• [TASK TO COMPLETE]: Only the lines from the start of the entries through the line with "m_1 = m_1o+m_w1" are wanted; please output them exactly.

[DATA SUPPLIED]

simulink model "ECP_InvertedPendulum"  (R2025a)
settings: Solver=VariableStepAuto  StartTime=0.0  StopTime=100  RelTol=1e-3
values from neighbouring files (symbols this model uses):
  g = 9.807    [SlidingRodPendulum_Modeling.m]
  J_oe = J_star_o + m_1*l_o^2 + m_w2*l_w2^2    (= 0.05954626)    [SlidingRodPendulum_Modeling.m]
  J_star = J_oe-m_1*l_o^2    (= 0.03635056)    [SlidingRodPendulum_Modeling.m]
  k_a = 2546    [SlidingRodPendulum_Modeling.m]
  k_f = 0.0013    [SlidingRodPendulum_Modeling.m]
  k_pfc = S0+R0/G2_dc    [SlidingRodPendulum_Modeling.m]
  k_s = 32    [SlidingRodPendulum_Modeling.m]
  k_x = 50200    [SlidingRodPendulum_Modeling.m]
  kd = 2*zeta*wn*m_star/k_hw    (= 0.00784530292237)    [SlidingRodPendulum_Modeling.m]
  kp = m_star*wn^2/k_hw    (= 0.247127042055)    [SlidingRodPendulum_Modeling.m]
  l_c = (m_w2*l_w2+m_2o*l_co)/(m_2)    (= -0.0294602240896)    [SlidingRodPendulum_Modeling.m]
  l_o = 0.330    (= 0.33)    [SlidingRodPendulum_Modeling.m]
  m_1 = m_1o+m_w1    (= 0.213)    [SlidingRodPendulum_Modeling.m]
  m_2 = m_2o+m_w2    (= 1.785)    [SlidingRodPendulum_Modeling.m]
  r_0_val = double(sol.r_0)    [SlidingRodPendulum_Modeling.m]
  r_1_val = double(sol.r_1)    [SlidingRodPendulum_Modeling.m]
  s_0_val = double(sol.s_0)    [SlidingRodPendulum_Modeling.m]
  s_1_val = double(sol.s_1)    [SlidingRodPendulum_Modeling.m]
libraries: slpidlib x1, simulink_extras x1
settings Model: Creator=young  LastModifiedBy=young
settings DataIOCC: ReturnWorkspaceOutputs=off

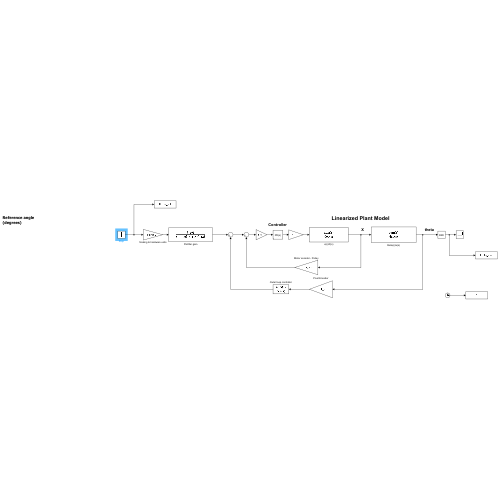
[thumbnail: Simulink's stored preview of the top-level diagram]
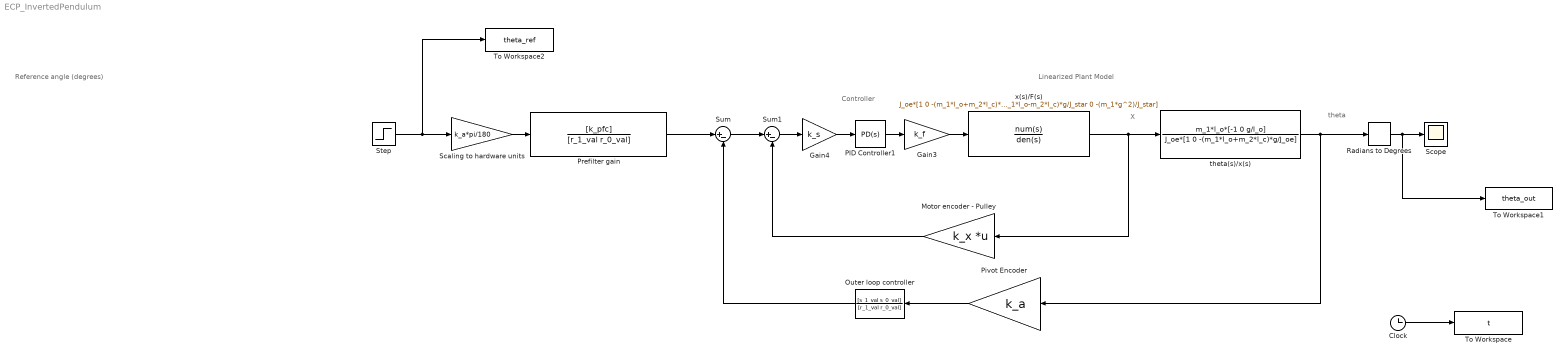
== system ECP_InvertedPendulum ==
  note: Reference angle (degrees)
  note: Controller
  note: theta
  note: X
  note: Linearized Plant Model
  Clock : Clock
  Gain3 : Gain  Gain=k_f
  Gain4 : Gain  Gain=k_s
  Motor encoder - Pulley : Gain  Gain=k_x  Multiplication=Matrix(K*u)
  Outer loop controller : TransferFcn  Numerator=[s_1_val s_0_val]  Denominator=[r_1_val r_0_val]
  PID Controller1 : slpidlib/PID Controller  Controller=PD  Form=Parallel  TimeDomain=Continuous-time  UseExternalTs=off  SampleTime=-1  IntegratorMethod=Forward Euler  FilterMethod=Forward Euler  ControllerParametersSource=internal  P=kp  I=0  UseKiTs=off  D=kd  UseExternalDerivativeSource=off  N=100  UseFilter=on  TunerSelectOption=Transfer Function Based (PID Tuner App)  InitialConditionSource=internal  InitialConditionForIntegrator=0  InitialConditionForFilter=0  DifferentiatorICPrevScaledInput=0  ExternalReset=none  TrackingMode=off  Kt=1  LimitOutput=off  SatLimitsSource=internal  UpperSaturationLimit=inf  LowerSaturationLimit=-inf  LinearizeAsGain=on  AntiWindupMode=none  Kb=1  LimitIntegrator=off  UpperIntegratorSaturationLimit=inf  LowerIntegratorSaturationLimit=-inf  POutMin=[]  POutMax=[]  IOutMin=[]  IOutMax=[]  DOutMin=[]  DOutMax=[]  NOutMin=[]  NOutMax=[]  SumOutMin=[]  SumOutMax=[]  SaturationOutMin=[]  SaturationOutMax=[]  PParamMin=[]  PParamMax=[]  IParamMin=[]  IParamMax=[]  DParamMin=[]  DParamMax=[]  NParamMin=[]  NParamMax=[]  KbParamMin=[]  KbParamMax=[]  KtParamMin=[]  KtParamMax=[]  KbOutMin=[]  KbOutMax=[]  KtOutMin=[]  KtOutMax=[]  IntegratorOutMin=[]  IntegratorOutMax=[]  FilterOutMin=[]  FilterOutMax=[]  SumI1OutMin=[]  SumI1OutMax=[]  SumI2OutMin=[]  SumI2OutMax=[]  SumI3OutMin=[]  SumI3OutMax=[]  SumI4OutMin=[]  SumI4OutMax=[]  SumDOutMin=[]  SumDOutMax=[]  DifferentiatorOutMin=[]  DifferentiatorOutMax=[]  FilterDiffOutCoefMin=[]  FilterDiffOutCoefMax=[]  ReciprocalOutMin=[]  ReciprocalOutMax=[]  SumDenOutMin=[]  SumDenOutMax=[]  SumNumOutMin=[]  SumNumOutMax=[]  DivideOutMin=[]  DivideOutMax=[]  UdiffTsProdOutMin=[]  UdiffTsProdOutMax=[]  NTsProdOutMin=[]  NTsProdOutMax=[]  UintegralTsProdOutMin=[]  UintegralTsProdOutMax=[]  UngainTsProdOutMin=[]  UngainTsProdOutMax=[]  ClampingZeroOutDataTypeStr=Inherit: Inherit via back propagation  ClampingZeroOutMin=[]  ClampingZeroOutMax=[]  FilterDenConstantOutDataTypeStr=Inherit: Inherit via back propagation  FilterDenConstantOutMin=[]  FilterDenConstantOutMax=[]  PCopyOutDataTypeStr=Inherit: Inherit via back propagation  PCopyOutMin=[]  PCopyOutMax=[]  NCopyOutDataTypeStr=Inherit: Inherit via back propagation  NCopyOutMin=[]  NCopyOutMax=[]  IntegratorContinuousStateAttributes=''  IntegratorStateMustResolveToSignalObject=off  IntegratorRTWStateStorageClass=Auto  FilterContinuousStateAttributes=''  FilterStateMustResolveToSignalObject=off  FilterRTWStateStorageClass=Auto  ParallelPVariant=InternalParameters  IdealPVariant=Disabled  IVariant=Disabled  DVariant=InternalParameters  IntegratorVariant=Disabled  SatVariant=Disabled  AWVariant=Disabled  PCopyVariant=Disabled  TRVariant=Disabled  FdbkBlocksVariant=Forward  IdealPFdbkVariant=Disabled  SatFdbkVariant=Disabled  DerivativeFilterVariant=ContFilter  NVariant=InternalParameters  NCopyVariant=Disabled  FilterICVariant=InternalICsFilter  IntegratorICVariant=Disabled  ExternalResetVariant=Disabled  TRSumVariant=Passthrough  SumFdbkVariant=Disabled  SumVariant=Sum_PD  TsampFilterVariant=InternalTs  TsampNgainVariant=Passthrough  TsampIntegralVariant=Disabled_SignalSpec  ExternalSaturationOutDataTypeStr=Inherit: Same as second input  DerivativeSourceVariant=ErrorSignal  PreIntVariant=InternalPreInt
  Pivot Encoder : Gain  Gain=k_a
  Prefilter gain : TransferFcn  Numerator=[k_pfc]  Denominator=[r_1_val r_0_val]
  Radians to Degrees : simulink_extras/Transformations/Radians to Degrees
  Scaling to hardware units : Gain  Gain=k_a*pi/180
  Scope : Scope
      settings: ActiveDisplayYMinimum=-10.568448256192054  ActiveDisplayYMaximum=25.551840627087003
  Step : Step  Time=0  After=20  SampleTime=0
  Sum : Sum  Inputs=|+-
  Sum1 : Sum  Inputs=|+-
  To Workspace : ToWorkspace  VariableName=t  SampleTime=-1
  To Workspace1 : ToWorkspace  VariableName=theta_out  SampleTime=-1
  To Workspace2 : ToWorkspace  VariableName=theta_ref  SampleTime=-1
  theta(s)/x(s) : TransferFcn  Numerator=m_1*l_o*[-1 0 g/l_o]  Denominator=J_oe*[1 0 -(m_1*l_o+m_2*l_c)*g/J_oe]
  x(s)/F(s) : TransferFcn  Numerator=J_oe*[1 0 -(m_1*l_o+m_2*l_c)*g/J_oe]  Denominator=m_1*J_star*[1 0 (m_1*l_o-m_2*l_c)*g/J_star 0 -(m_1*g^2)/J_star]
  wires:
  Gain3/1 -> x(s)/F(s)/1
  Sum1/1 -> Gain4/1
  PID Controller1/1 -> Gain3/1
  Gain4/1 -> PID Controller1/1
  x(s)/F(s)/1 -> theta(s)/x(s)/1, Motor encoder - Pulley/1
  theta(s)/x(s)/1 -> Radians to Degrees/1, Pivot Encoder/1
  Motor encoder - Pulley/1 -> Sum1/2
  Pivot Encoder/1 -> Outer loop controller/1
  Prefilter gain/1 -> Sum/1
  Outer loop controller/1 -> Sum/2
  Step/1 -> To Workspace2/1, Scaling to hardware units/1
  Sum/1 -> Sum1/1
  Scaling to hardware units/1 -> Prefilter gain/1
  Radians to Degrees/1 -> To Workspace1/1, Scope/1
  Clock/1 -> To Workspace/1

[/DATA SUPPLIED]

• [ANSWER SECTION]:
simulink model "ECP_InvertedPendulum"  (R2025a)
settings: Solver=VariableStepAuto  StartTime=0.0  StopTime=100  RelTol=1e-3
values from neighbouring files (symbols this model uses):
  g = 9.807    [SlidingRodPendulum_Modeling.m]
  J_oe = J_star_o + m_1*l_o^2 + m_w2*l_w2^2    (= 0.05954626)    [SlidingRodPendulum_Modeling.m]
  J_star = J_oe-m_1*l_o^2    (= 0.03635056)    [SlidingRodPendulum_Modeling.m]
  k_a = 2546    [SlidingRodPendulum_Modeling.m]
  k_f = 0.0013    [SlidingRodPendulum_Modeling.m]
  k_pfc = S0+R0/G2_dc    [SlidingRodPendulum_Modeling.m]
  k_s = 32    [SlidingRodPendulum_Modeling.m]
  k_x = 50200    [SlidingRodPendulum_Modeling.m]
  kd = 2*zeta*wn*m_star/k_hw    (= 0.00784530292237)    [SlidingRodPendulum_Modeling.m]
  kp = m_star*wn^2/k_hw    (= 0.247127042055)    [SlidingRodPendulum_Modeling.m]
  l_c = (m_w2*l_w2+m_2o*l_co)/(m_2)    (= -0.0294602240896)    [SlidingRodPendulum_Modeling.m]
  l_o = 0.330    (= 0.33)    [SlidingRodPendulum_Modeling.m]
  m_1 = m_1o+m_w1    (= 0.213)    [SlidingRodPendulum_Modeling.m]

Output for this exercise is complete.